Considering how many billions of transactions PayPal handles per month, the rate of complaints on sites like PayPalSucks.com is actually enormously small. The forums you mention haven't had a post in over a week, while millions of PayPal transactions occurred. By most standards they have a very good record for such a large company.
I've been using PayPal since June 2000, so almost 10 years now. It is the primary payment method chosen by my customers, doing over 40,000 individual transactions so far. I've dealt with just about every country PayPal operates in, have seen at least one instance of every type of fraud/chargeback/reversal/complaint possible, yet I've never had any type of problem with the account. I also get a human being on the phone as soon as I call, and e-mails get a response in about a business day.
Considering that they do a lot of the fraud detection work for you, charge no fees on refunds and reversals, dispute chargebacks on your behalf, AND charge less than many MOTO merchant accounts (after you add up all the AVS fees, statement fees, ACH fees, batch fees, gateway fees, recurring billing service fees, downgrade fees, etc etc), they're quite a nice company to do business with really.

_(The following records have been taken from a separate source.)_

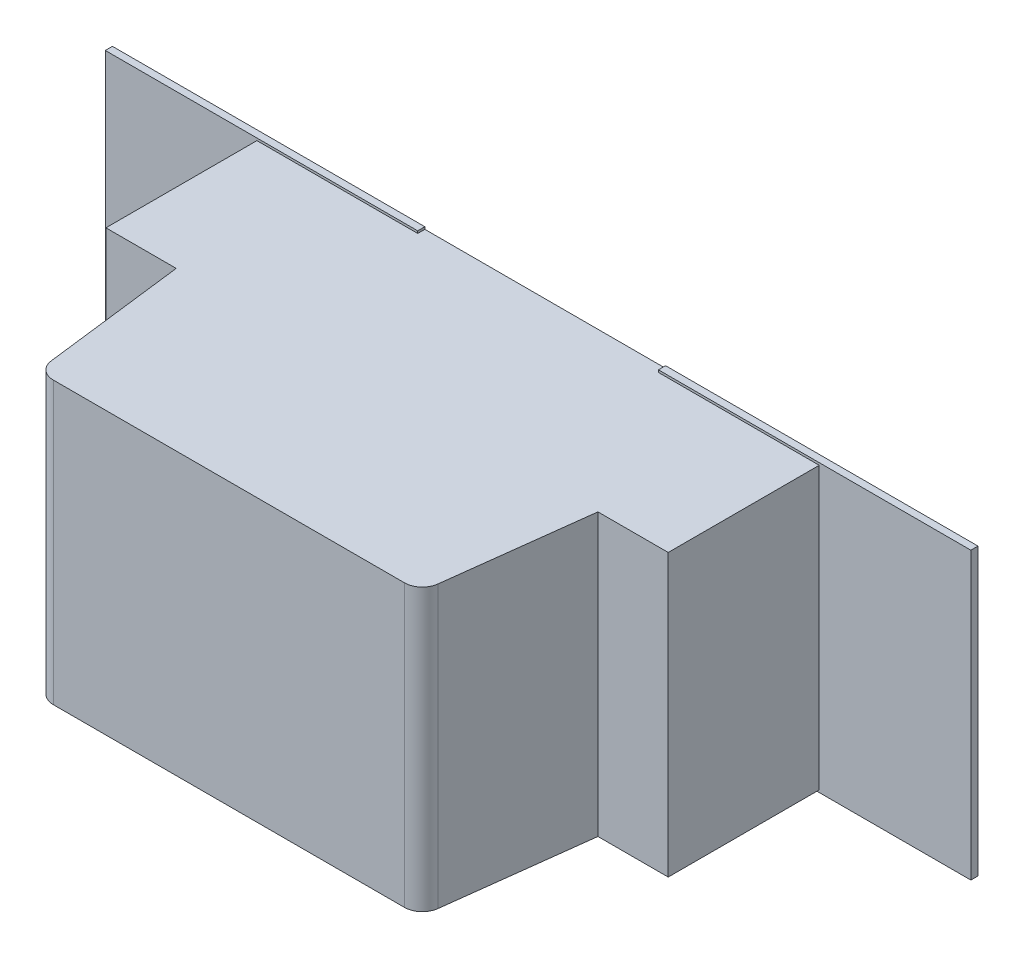
ISO-10303-21;
HEADER;
FILE_DESCRIPTION(('STEP AP214'),'2;1');
FILE_NAME('part.step','',(''),(''),'','','');
FILE_SCHEMA(('AUTOMOTIVE_DESIGN { 1 0 10303 214 1 1 1 1 }'));
ENDSEC;
DATA;
#1=APPLICATION_CONTEXT('core data for automotive mechanical design processes');
#2=APPLICATION_PROTOCOL_DEFINITION('international standard','automotive_design',2000,#1);
#3=PRODUCT_CONTEXT('',#1,'mechanical');
#4=PRODUCT('Part','Part','',(#3));
#5=PRODUCT_RELATED_PRODUCT_CATEGORY('part','',(#4));
#6=PRODUCT_DEFINITION_FORMATION('','',#4);
#7=PRODUCT_DEFINITION_CONTEXT('part definition',#1,'design');
#8=PRODUCT_DEFINITION('design','',#6,#7);
#9=PRODUCT_DEFINITION_SHAPE('','',#8);
#10=(LENGTH_UNIT() NAMED_UNIT(*) SI_UNIT(.MILLI.,.METRE.));
#11=(NAMED_UNIT(*) PLANE_ANGLE_UNIT() SI_UNIT($,.RADIAN.));
#12=(NAMED_UNIT(*) SI_UNIT($,.STERADIAN.) SOLID_ANGLE_UNIT());
#13=UNCERTAINTY_MEASURE_WITH_UNIT(LENGTH_MEASURE(1.E-05),#10,'distance_accuracy_value','');
#14=(GEOMETRIC_REPRESENTATION_CONTEXT(3) GLOBAL_UNCERTAINTY_ASSIGNED_CONTEXT((#13)) GLOBAL_UNIT_ASSIGNED_CONTEXT((#10,
#11,#12)) REPRESENTATION_CONTEXT('',''));
#15=CARTESIAN_POINT('',(0.,0.,0.));
#16=DIRECTION('',(0.,0.,1.));
#17=DIRECTION('',(1.,0.,0.));
#18=AXIS2_PLACEMENT_3D('',#15,#16,#17);
#19=CARTESIAN_POINT('',(1.2314936,0.4065016,0.0762));
#20=DIRECTION('',(0.,1.,0.));
#21=DIRECTION('',(1.,0.,0.));
#22=AXIS2_PLACEMENT_3D('',#19,#20,#21);
#23=PLANE('',#22);
#24=DIRECTION('',(-1.,0.,0.));
#25=VECTOR('',#24,1.);
#26=CARTESIAN_POINT('',(1.2314936,0.4065016,0.0762));
#27=LINE('',#26,#25);
#28=CARTESIAN_POINT('',(1.2314936,0.4065016,0.0762));
#29=VERTEX_POINT('',#28);
#30=CARTESIAN_POINT('',(0.3424936,0.4065016,0.0762));
#31=VERTEX_POINT('',#30);
#32=EDGE_CURVE('E187',#29,#31,#27,.T.);
#33=ORIENTED_EDGE('',*,*,#32,.T.);
#34=DIRECTION('',(0.,0.,1.));
#35=VECTOR('',#34,1.);
#36=CARTESIAN_POINT('',(0.3424936,0.4065016,0.0762));
#37=LINE('',#36,#35);
#38=CARTESIAN_POINT('',(0.3424936,0.4065016,0.09652));
#39=VERTEX_POINT('',#38);
#40=EDGE_CURVE('E219',#31,#39,#37,.T.);
#41=ORIENTED_EDGE('',*,*,#40,.T.);
#42=DIRECTION('',(-1.,0.,0.));
#43=VECTOR('',#42,1.);
#44=CARTESIAN_POINT('',(1.2314936,0.4065016,0.09652));
#45=LINE('',#44,#43);
#46=CARTESIAN_POINT('',(1.2314936,0.4065016,0.09652));
#47=VERTEX_POINT('',#46);
#48=EDGE_CURVE('E190',#47,#39,#45,.T.);
#49=ORIENTED_EDGE('',*,*,#48,.F.);
#50=DIRECTION('',(0.,0.,1.));
#51=VECTOR('',#50,1.);
#52=CARTESIAN_POINT('',(1.2314936,0.4065016,0.0762));
#53=LINE('',#52,#51);
#54=EDGE_CURVE('E11',#29,#47,#53,.T.);
#55=ORIENTED_EDGE('',*,*,#54,.F.);
#56=EDGE_LOOP('',(#33,#41,#49,#55));
#57=FACE_BOUND('',#56,.T.);
#58=ADVANCED_FACE('F16',(#57),#23,.T.);
#59=CARTESIAN_POINT('',(1.2314936,-0.4065016,0.0762));
#60=DIRECTION('',(1.,0.,0.));
#61=DIRECTION('',(0.,1.,0.));
#62=AXIS2_PLACEMENT_3D('',#59,#60,#61);
#63=PLANE('',#62);
#64=DIRECTION('',(0.,1.,0.));
#65=VECTOR('',#64,1.);
#66=CARTESIAN_POINT('',(1.2314936,-0.4065016,0.0762));
#67=LINE('',#66,#65);
#68=CARTESIAN_POINT('',(1.2314936,-0.4065016,0.0762));
#69=VERTEX_POINT('',#68);
#70=EDGE_CURVE('E195',#69,#29,#67,.T.);
#71=ORIENTED_EDGE('',*,*,#70,.T.);
#72=ORIENTED_EDGE('',*,*,#54,.T.);
#73=DIRECTION('',(0.,1.,0.));
#74=VECTOR('',#73,1.);
#75=CARTESIAN_POINT('',(1.2314936,-0.4065016,0.09652));
#76=LINE('',#75,#74);
#77=CARTESIAN_POINT('',(1.2314936,-0.4065016,0.09652));
#78=VERTEX_POINT('',#77);
#79=EDGE_CURVE('E269',#78,#47,#76,.T.);
#80=ORIENTED_EDGE('',*,*,#79,.F.);
#81=DIRECTION('',(0.,0.,1.));
#82=VECTOR('',#81,1.);
#83=CARTESIAN_POINT('',(1.2314936,-0.4065016,0.0762));
#84=LINE('',#83,#82);
#85=EDGE_CURVE('E27',#69,#78,#84,.T.);
#86=ORIENTED_EDGE('',*,*,#85,.F.);
#87=EDGE_LOOP('',(#71,#72,#80,#86));
#88=FACE_BOUND('',#87,.T.);
#89=ADVANCED_FACE('F196',(#88),#63,.T.);
#90=CARTESIAN_POINT('',(0.3424936,-0.4065016,0.0762));
#91=DIRECTION('',(0.,-1.,0.));
#92=DIRECTION('',(0.,0.,-1.));
#93=AXIS2_PLACEMENT_3D('',#90,#91,#92);
#94=PLANE('',#93);
#95=DIRECTION('',(1.,0.,0.));
#96=VECTOR('',#95,1.);
#97=CARTESIAN_POINT('',(0.3424936,-0.4065016,0.0762));
#98=LINE('',#97,#96);
#99=CARTESIAN_POINT('',(0.3424936,-0.4065016,0.0762));
#100=VERTEX_POINT('',#99);
#101=EDGE_CURVE('E201',#100,#69,#98,.T.);
#102=ORIENTED_EDGE('',*,*,#101,.T.);
#103=ORIENTED_EDGE('',*,*,#85,.T.);
#104=DIRECTION('',(1.,0.,0.));
#105=VECTOR('',#104,1.);
#106=CARTESIAN_POINT('',(0.3424936,-0.4065016,0.09652));
#107=LINE('',#106,#105);
#108=CARTESIAN_POINT('',(0.3424936,-0.4065016,0.09652));
#109=VERTEX_POINT('',#108);
#110=EDGE_CURVE('E265',#109,#78,#107,.T.);
#111=ORIENTED_EDGE('',*,*,#110,.F.);
#112=DIRECTION('',(0.,0.,1.));
#113=VECTOR('',#112,1.);
#114=CARTESIAN_POINT('',(0.3424936,-0.4065016,0.0762));
#115=LINE('',#114,#113);
#116=EDGE_CURVE('E237',#100,#109,#115,.T.);
#117=ORIENTED_EDGE('',*,*,#116,.F.);
#118=EDGE_LOOP('',(#102,#103,#111,#117));
#119=FACE_BOUND('',#118,.T.);
#120=ADVANCED_FACE('F479',(#119),#94,.T.);
#121=CARTESIAN_POINT('',(0.3424936,0.4065016,0.0762));
#122=DIRECTION('',(-1.,0.,0.));
#123=DIRECTION('',(0.,0.,1.));
#124=AXIS2_PLACEMENT_3D('',#121,#122,#123);
#125=PLANE('',#124);
#126=DIRECTION('',(0.,0.,1.));
#127=VECTOR('',#126,1.);
#128=CARTESIAN_POINT('',(0.3424936,0.4,0.0762));
#129=LINE('',#128,#127);
#130=CARTESIAN_POINT('',(0.3424936,0.4,0.0762));
#131=VERTEX_POINT('',#130);
#132=CARTESIAN_POINT('',(0.3424936,0.4,0.09652));
#133=VERTEX_POINT('',#132);
#134=EDGE_CURVE('E229',#131,#133,#129,.T.);
#135=ORIENTED_EDGE('',*,*,#134,.T.);
#136=DIRECTION('',(0.,-1.,0.));
#137=VECTOR('',#136,1.);
#138=CARTESIAN_POINT('',(0.3424936,0.4065016,0.09652));
#139=LINE('',#138,#137);
#140=EDGE_CURVE('E309',#39,#133,#139,.T.);
#141=ORIENTED_EDGE('',*,*,#140,.F.);
#142=ORIENTED_EDGE('',*,*,#40,.F.);
#143=DIRECTION('',(0.,-1.,0.));
#144=VECTOR('',#143,1.);
#145=CARTESIAN_POINT('',(0.3424936,0.4065016,0.0762));
#146=LINE('',#145,#144);
#147=EDGE_CURVE('E205',#31,#131,#146,.T.);
#148=ORIENTED_EDGE('',*,*,#147,.T.);
#149=EDGE_LOOP('',(#135,#141,#142,#148));
#150=FACE_BOUND('',#149,.T.);
#151=ADVANCED_FACE('F575',(#150),#125,.T.);
#152=CARTESIAN_POINT('',(0.3424936,0.4065016,0.0762));
#153=DIRECTION('',(-1.,0.,0.));
#154=DIRECTION('',(0.,0.,1.));
#155=AXIS2_PLACEMENT_3D('',#152,#153,#154);
#156=PLANE('',#155);
#157=DIRECTION('',(0.,0.,1.));
#158=VECTOR('',#157,1.);
#159=CARTESIAN_POINT('',(0.3424936,-0.4,0.0762));
#160=LINE('',#159,#158);
#161=CARTESIAN_POINT('',(0.3424936,-0.4,0.0762));
#162=VERTEX_POINT('',#161);
#163=CARTESIAN_POINT('',(0.3424936,-0.4,0.09652));
#164=VERTEX_POINT('',#163);
#165=EDGE_CURVE('E224',#162,#164,#160,.T.);
#166=ORIENTED_EDGE('',*,*,#165,.F.);
#167=DIRECTION('',(0.,-1.,0.));
#168=VECTOR('',#167,1.);
#169=CARTESIAN_POINT('',(0.3424936,-0.4,0.0762));
#170=LINE('',#169,#168);
#171=EDGE_CURVE('E233',#162,#100,#170,.T.);
#172=ORIENTED_EDGE('',*,*,#171,.T.);
#173=ORIENTED_EDGE('',*,*,#116,.T.);
#174=DIRECTION('',(0.,-1.,0.));
#175=VECTOR('',#174,1.);
#176=CARTESIAN_POINT('',(0.3424936,-0.4,0.09652));
#177=LINE('',#176,#175);
#178=EDGE_CURVE('E270',#164,#109,#177,.T.);
#179=ORIENTED_EDGE('',*,*,#178,.F.);
#180=EDGE_LOOP('',(#166,#172,#173,#179));
#181=FACE_BOUND('',#180,.T.);
#182=ADVANCED_FACE('F485',(#181),#156,.T.);
#183=CARTESIAN_POINT('',(-1.2314936,-0.4065016,0.0762));
#184=DIRECTION('',(0.,-1.,0.));
#185=DIRECTION('',(0.,0.,-1.));
#186=AXIS2_PLACEMENT_3D('',#183,#184,#185);
#187=PLANE('',#186);
#188=DIRECTION('',(1.,0.,0.));
#189=VECTOR('',#188,1.);
#190=CARTESIAN_POINT('',(-1.2314936,-0.4065016,0.0762));
#191=LINE('',#190,#189);
#192=CARTESIAN_POINT('',(-1.2314936,-0.4065016,0.0762));
#193=VERTEX_POINT('',#192);
#194=CARTESIAN_POINT('',(-0.3424936,-0.4065016,0.0762));
#195=VERTEX_POINT('',#194);
#196=EDGE_CURVE('E253',#193,#195,#191,.T.);
#197=ORIENTED_EDGE('',*,*,#196,.T.);
#198=DIRECTION('',(0.,0.,1.));
#199=VECTOR('',#198,1.);
#200=CARTESIAN_POINT('',(-0.3424936,-0.4065016,0.0762));
#201=LINE('',#200,#199);
#202=CARTESIAN_POINT('',(-0.3424936,-0.4065016,0.09652));
#203=VERTEX_POINT('',#202);
#204=EDGE_CURVE('E300',#195,#203,#201,.T.);
#205=ORIENTED_EDGE('',*,*,#204,.T.);
#206=DIRECTION('',(1.,0.,0.));
#207=VECTOR('',#206,1.);
#208=CARTESIAN_POINT('',(-1.2314936,-0.4065016,0.09652));
#209=LINE('',#208,#207);
#210=CARTESIAN_POINT('',(-1.2314936,-0.4065016,0.09652));
#211=VERTEX_POINT('',#210);
#212=EDGE_CURVE('E276',#211,#203,#209,.T.);
#213=ORIENTED_EDGE('',*,*,#212,.F.);
#214=DIRECTION('',(0.,0.,1.));
#215=VECTOR('',#214,1.);
#216=CARTESIAN_POINT('',(-1.2314936,-0.4065016,0.0762));
#217=LINE('',#216,#215);
#218=EDGE_CURVE('E234',#193,#211,#217,.T.);
#219=ORIENTED_EDGE('',*,*,#218,.F.);
#220=EDGE_LOOP('',(#197,#205,#213,#219));
#221=FACE_BOUND('',#220,.T.);
#222=ADVANCED_FACE('F496',(#221),#187,.T.);
#223=CARTESIAN_POINT('',(-1.2314936,0.4065016,0.0762));
#224=DIRECTION('',(-1.,0.,0.));
#225=DIRECTION('',(0.,0.,1.));
#226=AXIS2_PLACEMENT_3D('',#223,#224,#225);
#227=PLANE('',#226);
#228=DIRECTION('',(0.,-1.,0.));
#229=VECTOR('',#228,1.);
#230=CARTESIAN_POINT('',(-1.2314936,0.4065016,0.0762));
#231=LINE('',#230,#229);
#232=CARTESIAN_POINT('',(-1.2314936,0.4065016,0.0762));
#233=VERTEX_POINT('',#232);
#234=EDGE_CURVE('E249',#233,#193,#231,.T.);
#235=ORIENTED_EDGE('',*,*,#234,.T.);
#236=ORIENTED_EDGE('',*,*,#218,.T.);
#237=DIRECTION('',(0.,-1.,0.));
#238=VECTOR('',#237,1.);
#239=CARTESIAN_POINT('',(-1.2314936,0.4065016,0.09652));
#240=LINE('',#239,#238);
#241=CARTESIAN_POINT('',(-1.2314936,0.4065016,0.09652));
#242=VERTEX_POINT('',#241);
#243=EDGE_CURVE('E332',#242,#211,#240,.T.);
#244=ORIENTED_EDGE('',*,*,#243,.F.);
#245=DIRECTION('',(0.,0.,1.));
#246=VECTOR('',#245,1.);
#247=CARTESIAN_POINT('',(-1.2314936,0.4065016,0.0762));
#248=LINE('',#247,#246);
#249=EDGE_CURVE('E41',#233,#242,#248,.T.);
#250=ORIENTED_EDGE('',*,*,#249,.F.);
#251=EDGE_LOOP('',(#235,#236,#244,#250));
#252=FACE_BOUND('',#251,.T.);
#253=ADVANCED_FACE('F498',(#252),#227,.T.);
#254=CARTESIAN_POINT('',(-0.3424936,0.4065016,0.0762));
#255=DIRECTION('',(0.,1.,0.));
#256=DIRECTION('',(1.,0.,0.));
#257=AXIS2_PLACEMENT_3D('',#254,#255,#256);
#258=PLANE('',#257);
#259=DIRECTION('',(-1.,0.,0.));
#260=VECTOR('',#259,1.);
#261=CARTESIAN_POINT('',(-0.3424936,0.4065016,0.0762));
#262=LINE('',#261,#260);
#263=CARTESIAN_POINT('',(-0.3424936,0.4065016,0.0762));
#264=VERTEX_POINT('',#263);
#265=EDGE_CURVE('E252',#264,#233,#262,.T.);
#266=ORIENTED_EDGE('',*,*,#265,.T.);
#267=ORIENTED_EDGE('',*,*,#249,.T.);
#268=DIRECTION('',(-1.,0.,0.));
#269=VECTOR('',#268,1.);
#270=CARTESIAN_POINT('',(-0.3424936,0.4065016,0.09652));
#271=LINE('',#270,#269);
#272=CARTESIAN_POINT('',(-0.3424936,0.4065016,0.09652));
#273=VERTEX_POINT('',#272);
#274=EDGE_CURVE('E20',#273,#242,#271,.T.);
#275=ORIENTED_EDGE('',*,*,#274,.F.);
#276=DIRECTION('',(0.,0.,1.));
#277=VECTOR('',#276,1.);
#278=CARTESIAN_POINT('',(-0.3424936,0.4065016,0.0762));
#279=LINE('',#278,#277);
#280=EDGE_CURVE('E212',#264,#273,#279,.T.);
#281=ORIENTED_EDGE('',*,*,#280,.F.);
#282=EDGE_LOOP('',(#266,#267,#275,#281));
#283=FACE_BOUND('',#282,.T.);
#284=ADVANCED_FACE('F18',(#283),#258,.T.);
#285=CARTESIAN_POINT('',(0.8,-0.4,0.0762));
#286=DIRECTION('',(0.,0.,-1.));
#287=DIRECTION('',(0.,-1.,0.));
#288=AXIS2_PLACEMENT_3D('',#285,#286,#287);
#289=PLANE('',#288);
#290=DIRECTION('',(-1.,0.,0.));
#291=VECTOR('',#290,1.);
#292=CARTESIAN_POINT('',(0.3424936,0.4,0.0762));
#293=LINE('',#292,#291);
#294=CARTESIAN_POINT('',(-0.3424936,0.4,0.0762));
#295=VERTEX_POINT('',#294);
#296=EDGE_CURVE('E301',#131,#295,#293,.T.);
#297=ORIENTED_EDGE('',*,*,#296,.F.);
#298=ORIENTED_EDGE('',*,*,#147,.F.);
#299=ORIENTED_EDGE('',*,*,#32,.F.);
#300=ORIENTED_EDGE('',*,*,#70,.F.);
#301=ORIENTED_EDGE('',*,*,#101,.F.);
#302=ORIENTED_EDGE('',*,*,#171,.F.);
#303=DIRECTION('',(-1.,0.,0.));
#304=VECTOR('',#303,1.);
#305=CARTESIAN_POINT('',(0.3424936,-0.4,0.0762));
#306=LINE('',#305,#304);
#307=CARTESIAN_POINT('',(-0.3424936,-0.4,0.0762));
#308=VERTEX_POINT('',#307);
#309=EDGE_CURVE('E220',#162,#308,#306,.T.);
#310=ORIENTED_EDGE('',*,*,#309,.T.);
#311=DIRECTION('',(0.,1.,0.));
#312=VECTOR('',#311,1.);
#313=CARTESIAN_POINT('',(-0.3424936,-0.4065016,0.0762));
#314=LINE('',#313,#312);
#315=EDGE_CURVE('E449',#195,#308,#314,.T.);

This post paints PayPal as some kind of crime syndicate with no customer service, yet I don't think the author has had the experience to say such a thing. The mere existence of a site which originated long before PayPal was even owned by eBay is not evidence of some kind of mass corruption. Last time I had a problem (someone sent several $1 payments to my account then disputed them all the same day -- I had no clue why), I called up the customer service number. I didn't have to go through any kind of phone tree, the call was answered by a nice woman (with no foreign accent, for those who care about such things). She had empathy for my situation, she joked about how odd that was a bit, she looked at the transactions and closed the disputes for me, and I was able to simply refund the person the random $1 payments myself.
Just a few months ago I had some very specific questions about the impact of adding and removing Website Payments Pro service from a PayPal account. I used e-mail that time, through the "contact us" link on every page of the PayPal site. Every question was answered, in detail, the next business day. Not ignored, no form letter response.
I don't see how they could do customer service any better.
Lets see. I am in India. They have frozen bank withdrwals without any prior intimation, and this is almost unbeliveable any personal intimation after that as well.
1. Bank transfers to India have been frozen since 27 Jan at least (Not personal exp, other people exp on various forums). The first communications from Paypal was 6th Feb, when the shitstorm was already out.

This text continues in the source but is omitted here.